Hierzu I Blatt Zeichnungen.
Claims (1)
1877.
Klasse 18.
F. C. GLASER in BERLIN. Trio-Walzensystem.
Patentirt im Deutschen Reiche vom 23. September 1877 ab.
Die gewöhnlichen einfachen Walzwerke mit nur zwei Walzenkörpern haben bekanntlich den
Naclitheil, dafs man nur nach einer Richtung walzen kann, und daher das Eisen, welches ein
Kaliber durchlaufen hat, über die Oberwalze zurückgeben mufs, um es durch das folgende
Kaliber zu führen. Hierdurch wird Zeit- und Arbeitsverlust in hohem Grade verursacht, da,
abgesehen von dem Zeit- und Arbeitsverlust des für die Bearbeitung an sich nutzlosen Ueberhebens
ein weiterer Verlust durch das Abkühlen und das deshalb wieder nothwendig werdende
Anwärmen des Eisens bedingt wird.
Diese Uebelstände haben zur Construction der Triowalzwerke d. h. der Walzwerke geführt,
bei denen drei Walzen übereinander liegen und welche gestatten, dafs das Eisen, welches z. B.

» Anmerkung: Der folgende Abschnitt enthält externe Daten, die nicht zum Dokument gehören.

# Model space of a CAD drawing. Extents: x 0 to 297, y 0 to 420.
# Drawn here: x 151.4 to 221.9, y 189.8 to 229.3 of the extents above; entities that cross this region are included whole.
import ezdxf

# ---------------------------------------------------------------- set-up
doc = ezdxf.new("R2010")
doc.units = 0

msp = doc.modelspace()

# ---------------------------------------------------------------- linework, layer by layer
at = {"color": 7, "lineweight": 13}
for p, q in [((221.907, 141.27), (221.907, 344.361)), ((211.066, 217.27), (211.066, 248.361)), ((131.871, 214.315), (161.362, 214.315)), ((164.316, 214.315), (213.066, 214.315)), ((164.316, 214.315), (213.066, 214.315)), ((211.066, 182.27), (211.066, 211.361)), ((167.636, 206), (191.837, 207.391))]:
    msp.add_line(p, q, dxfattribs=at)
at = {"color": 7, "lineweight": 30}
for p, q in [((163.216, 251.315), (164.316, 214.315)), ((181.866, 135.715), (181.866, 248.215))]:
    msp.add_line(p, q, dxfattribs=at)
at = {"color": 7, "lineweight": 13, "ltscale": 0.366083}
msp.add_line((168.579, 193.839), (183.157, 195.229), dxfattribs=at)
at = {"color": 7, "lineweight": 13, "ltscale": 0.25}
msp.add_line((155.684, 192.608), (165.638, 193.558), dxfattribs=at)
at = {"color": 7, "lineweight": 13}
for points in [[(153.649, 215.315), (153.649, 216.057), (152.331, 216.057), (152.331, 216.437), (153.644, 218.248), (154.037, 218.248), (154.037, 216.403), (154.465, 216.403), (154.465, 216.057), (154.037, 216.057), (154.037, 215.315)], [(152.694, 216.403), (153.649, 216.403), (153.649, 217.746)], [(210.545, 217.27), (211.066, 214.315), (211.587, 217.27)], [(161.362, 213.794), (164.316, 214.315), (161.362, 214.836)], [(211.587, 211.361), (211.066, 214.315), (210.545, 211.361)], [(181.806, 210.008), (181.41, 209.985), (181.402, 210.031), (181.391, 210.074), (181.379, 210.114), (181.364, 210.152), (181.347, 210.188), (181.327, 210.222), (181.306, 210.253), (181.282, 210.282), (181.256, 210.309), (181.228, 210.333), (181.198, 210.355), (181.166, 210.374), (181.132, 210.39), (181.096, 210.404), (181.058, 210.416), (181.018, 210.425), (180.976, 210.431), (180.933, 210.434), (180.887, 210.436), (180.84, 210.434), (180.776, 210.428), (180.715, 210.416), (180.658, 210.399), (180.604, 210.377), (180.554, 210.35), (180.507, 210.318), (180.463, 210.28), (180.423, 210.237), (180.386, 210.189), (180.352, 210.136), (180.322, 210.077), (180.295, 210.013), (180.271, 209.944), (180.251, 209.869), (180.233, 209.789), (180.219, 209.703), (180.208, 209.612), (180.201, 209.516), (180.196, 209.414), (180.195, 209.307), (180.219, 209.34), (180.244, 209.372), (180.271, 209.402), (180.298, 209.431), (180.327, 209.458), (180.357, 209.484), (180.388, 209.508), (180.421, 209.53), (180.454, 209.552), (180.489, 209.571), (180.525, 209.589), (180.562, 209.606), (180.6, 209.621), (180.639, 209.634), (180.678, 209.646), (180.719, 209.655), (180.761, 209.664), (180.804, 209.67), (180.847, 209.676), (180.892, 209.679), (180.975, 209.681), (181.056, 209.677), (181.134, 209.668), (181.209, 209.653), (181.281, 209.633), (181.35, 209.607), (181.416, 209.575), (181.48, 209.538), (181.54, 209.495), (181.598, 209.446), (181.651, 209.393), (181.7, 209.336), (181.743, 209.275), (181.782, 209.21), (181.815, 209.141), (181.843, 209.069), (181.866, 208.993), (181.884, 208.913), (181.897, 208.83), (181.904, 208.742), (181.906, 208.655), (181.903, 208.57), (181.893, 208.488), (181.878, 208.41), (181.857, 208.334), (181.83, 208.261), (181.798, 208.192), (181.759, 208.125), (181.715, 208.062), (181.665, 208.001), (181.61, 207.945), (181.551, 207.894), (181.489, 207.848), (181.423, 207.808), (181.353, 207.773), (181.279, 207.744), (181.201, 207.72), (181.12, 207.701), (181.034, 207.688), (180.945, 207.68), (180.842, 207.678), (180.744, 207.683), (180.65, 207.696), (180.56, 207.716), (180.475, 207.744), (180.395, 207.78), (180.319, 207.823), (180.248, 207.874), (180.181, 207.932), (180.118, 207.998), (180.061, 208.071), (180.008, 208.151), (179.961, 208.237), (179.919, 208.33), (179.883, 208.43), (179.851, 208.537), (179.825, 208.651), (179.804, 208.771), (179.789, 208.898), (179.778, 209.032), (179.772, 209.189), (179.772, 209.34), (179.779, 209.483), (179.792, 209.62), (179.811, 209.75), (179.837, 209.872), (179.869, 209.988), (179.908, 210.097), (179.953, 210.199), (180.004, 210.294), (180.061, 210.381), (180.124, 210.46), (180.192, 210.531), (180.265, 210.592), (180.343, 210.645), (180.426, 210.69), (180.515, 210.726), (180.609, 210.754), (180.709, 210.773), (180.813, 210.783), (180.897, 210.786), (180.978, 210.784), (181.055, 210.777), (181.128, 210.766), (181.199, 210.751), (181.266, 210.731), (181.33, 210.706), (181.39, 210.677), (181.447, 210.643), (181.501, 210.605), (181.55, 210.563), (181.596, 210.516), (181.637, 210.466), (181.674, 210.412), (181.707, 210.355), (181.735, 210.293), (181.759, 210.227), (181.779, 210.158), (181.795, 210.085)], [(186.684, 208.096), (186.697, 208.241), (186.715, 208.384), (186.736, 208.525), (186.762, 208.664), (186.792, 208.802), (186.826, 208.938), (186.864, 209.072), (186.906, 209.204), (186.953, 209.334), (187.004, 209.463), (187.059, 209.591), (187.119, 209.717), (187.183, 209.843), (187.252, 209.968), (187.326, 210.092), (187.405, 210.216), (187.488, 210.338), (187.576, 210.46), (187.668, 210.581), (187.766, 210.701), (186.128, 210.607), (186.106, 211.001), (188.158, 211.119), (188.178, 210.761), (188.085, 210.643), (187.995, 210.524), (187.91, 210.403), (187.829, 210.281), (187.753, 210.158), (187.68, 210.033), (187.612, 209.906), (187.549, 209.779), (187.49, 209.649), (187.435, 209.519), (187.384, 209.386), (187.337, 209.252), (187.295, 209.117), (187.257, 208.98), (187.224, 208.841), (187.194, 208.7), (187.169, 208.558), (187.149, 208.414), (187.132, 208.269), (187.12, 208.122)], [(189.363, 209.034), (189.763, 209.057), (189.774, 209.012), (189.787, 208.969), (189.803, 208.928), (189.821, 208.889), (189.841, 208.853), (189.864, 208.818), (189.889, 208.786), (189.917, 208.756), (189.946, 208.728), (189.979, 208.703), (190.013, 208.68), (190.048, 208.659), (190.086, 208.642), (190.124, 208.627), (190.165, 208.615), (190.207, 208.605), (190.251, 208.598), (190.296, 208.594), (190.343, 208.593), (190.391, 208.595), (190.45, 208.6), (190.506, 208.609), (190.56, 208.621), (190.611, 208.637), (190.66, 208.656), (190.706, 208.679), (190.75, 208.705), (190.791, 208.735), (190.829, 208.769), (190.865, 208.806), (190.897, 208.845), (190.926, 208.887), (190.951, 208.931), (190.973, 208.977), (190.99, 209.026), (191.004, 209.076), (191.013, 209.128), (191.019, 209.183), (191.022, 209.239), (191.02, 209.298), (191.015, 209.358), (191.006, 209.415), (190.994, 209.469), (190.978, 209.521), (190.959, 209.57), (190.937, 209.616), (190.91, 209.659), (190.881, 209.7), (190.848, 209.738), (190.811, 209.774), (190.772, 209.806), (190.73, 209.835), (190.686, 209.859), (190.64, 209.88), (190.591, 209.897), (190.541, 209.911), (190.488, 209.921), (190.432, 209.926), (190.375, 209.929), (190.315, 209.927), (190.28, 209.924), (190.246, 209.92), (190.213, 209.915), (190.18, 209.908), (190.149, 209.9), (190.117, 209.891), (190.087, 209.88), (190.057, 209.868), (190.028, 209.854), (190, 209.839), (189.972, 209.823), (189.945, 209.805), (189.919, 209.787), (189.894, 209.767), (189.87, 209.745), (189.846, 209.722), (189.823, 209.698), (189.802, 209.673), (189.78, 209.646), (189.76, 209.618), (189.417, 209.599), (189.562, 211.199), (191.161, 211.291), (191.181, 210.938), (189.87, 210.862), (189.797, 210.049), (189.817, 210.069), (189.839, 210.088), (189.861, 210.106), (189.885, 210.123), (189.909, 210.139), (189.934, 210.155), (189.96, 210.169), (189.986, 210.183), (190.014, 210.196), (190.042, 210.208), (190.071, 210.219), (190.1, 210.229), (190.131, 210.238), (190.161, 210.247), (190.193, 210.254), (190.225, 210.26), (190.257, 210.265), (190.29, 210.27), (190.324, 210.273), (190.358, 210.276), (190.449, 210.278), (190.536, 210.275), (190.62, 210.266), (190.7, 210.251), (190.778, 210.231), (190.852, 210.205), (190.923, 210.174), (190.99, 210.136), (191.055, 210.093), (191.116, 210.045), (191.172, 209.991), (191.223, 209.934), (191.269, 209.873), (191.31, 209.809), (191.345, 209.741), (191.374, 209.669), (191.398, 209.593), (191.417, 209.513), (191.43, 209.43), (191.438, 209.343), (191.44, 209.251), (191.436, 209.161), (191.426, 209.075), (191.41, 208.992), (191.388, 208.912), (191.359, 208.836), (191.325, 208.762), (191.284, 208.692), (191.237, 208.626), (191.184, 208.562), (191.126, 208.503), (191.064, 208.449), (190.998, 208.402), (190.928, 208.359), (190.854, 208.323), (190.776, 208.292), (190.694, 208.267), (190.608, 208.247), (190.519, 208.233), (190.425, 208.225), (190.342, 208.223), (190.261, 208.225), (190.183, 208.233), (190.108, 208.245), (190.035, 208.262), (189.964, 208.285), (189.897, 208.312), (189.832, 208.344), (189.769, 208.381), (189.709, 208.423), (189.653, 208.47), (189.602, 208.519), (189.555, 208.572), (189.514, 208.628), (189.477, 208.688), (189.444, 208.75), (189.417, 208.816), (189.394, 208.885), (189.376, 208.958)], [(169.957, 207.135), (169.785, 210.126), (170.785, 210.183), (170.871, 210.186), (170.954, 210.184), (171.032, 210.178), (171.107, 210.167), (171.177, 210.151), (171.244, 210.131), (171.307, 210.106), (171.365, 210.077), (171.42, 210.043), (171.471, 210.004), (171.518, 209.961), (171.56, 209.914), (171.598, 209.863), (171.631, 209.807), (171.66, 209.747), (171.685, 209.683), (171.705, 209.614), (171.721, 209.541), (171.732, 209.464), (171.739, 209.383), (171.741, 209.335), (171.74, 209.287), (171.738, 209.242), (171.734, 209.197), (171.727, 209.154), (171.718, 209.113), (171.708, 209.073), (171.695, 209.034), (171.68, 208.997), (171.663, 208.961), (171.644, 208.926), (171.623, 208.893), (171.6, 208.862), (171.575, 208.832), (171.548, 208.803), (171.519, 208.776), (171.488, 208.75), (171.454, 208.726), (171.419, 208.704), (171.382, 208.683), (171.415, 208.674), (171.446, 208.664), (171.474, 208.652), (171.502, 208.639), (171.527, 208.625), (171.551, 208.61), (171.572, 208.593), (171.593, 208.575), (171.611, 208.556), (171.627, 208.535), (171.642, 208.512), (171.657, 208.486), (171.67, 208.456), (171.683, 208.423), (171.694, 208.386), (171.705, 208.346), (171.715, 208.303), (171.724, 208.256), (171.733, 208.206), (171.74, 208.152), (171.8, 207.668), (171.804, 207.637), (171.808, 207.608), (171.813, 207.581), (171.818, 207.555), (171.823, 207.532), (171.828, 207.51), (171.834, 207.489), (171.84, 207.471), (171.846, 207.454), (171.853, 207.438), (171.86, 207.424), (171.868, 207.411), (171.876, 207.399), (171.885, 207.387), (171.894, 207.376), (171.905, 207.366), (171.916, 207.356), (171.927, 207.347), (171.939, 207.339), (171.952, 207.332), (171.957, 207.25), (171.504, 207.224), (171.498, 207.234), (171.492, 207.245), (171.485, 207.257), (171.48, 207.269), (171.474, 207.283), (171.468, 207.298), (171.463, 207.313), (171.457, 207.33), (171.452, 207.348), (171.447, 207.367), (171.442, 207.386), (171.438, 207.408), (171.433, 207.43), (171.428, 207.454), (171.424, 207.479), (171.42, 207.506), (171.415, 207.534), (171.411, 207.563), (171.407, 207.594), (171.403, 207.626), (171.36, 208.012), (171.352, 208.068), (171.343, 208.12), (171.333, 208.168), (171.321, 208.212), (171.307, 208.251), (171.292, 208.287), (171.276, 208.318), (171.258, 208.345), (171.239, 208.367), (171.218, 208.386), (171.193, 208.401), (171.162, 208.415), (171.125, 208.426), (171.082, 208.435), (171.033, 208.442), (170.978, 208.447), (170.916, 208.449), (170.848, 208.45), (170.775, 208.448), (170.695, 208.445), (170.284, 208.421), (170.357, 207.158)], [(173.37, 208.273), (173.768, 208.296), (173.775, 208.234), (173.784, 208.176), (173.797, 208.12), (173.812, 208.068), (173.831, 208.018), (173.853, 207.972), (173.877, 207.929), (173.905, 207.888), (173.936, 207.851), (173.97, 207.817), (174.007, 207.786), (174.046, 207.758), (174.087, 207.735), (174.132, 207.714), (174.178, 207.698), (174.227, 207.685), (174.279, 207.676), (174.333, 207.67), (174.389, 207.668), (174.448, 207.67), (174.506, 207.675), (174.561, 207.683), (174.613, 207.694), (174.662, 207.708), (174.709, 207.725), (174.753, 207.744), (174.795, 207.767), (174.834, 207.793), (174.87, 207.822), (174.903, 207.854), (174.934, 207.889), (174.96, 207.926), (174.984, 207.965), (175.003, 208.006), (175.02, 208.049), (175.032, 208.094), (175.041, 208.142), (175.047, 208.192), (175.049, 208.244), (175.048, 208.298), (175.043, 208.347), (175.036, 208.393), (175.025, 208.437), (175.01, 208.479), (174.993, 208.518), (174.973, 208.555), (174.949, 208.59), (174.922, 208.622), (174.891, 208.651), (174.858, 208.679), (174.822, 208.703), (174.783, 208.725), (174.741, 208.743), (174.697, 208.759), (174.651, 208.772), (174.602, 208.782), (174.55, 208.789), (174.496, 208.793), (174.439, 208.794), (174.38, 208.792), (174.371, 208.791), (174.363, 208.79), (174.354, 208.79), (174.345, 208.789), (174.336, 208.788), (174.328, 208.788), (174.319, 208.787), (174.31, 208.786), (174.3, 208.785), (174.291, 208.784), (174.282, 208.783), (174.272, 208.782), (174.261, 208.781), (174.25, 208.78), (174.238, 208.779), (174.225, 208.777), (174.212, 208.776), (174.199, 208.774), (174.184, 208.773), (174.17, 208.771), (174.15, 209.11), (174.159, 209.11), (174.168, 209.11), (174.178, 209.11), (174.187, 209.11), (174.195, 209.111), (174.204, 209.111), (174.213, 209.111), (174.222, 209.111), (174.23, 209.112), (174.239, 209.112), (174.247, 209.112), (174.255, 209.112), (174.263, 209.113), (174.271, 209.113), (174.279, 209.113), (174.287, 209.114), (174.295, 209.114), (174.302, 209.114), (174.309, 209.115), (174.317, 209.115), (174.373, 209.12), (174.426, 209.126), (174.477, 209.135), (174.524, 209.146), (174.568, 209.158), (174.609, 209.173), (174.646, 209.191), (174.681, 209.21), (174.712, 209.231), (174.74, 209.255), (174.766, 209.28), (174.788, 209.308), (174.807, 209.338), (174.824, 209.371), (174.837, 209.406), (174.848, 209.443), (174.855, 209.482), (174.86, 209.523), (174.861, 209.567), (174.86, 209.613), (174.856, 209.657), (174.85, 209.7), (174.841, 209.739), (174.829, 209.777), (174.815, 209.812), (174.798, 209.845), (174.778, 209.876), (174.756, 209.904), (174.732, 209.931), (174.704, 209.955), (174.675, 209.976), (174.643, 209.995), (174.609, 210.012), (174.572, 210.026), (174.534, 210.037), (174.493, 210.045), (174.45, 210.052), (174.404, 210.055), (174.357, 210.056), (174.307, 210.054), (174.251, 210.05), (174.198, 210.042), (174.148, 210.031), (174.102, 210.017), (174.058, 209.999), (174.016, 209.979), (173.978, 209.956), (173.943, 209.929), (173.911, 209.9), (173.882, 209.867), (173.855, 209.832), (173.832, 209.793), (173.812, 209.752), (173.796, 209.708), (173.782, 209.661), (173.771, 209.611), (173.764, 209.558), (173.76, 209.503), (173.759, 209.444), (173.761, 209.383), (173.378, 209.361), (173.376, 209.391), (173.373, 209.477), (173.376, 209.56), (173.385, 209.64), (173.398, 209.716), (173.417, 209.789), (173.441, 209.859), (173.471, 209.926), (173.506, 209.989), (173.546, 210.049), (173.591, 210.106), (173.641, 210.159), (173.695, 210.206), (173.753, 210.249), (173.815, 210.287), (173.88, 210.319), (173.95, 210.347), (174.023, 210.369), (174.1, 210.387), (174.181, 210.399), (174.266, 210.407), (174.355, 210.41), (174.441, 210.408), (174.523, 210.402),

das erste Kaliber zwischen den beiden unteren Walzen durchlaufen und sich in einer Richtung
bewegt hat, sich zur Erlangung des zweiten Kalibers in entgegengesetzter Richtung durch
die beiden oberen Walzen bewegt u. s. w.
Bei dieser Construction ist es nothwendig, dafs die Mittelwalze abwechselnd Matrizen- und
Patrizen-Kaliber d. h. abwechselnd Kehlungen und Prefsringe trägt, und dafs die untere Walze
dementsprechend nur Prefsringe und die obere Walze nur Kehlungen oder umgekehrt, hat.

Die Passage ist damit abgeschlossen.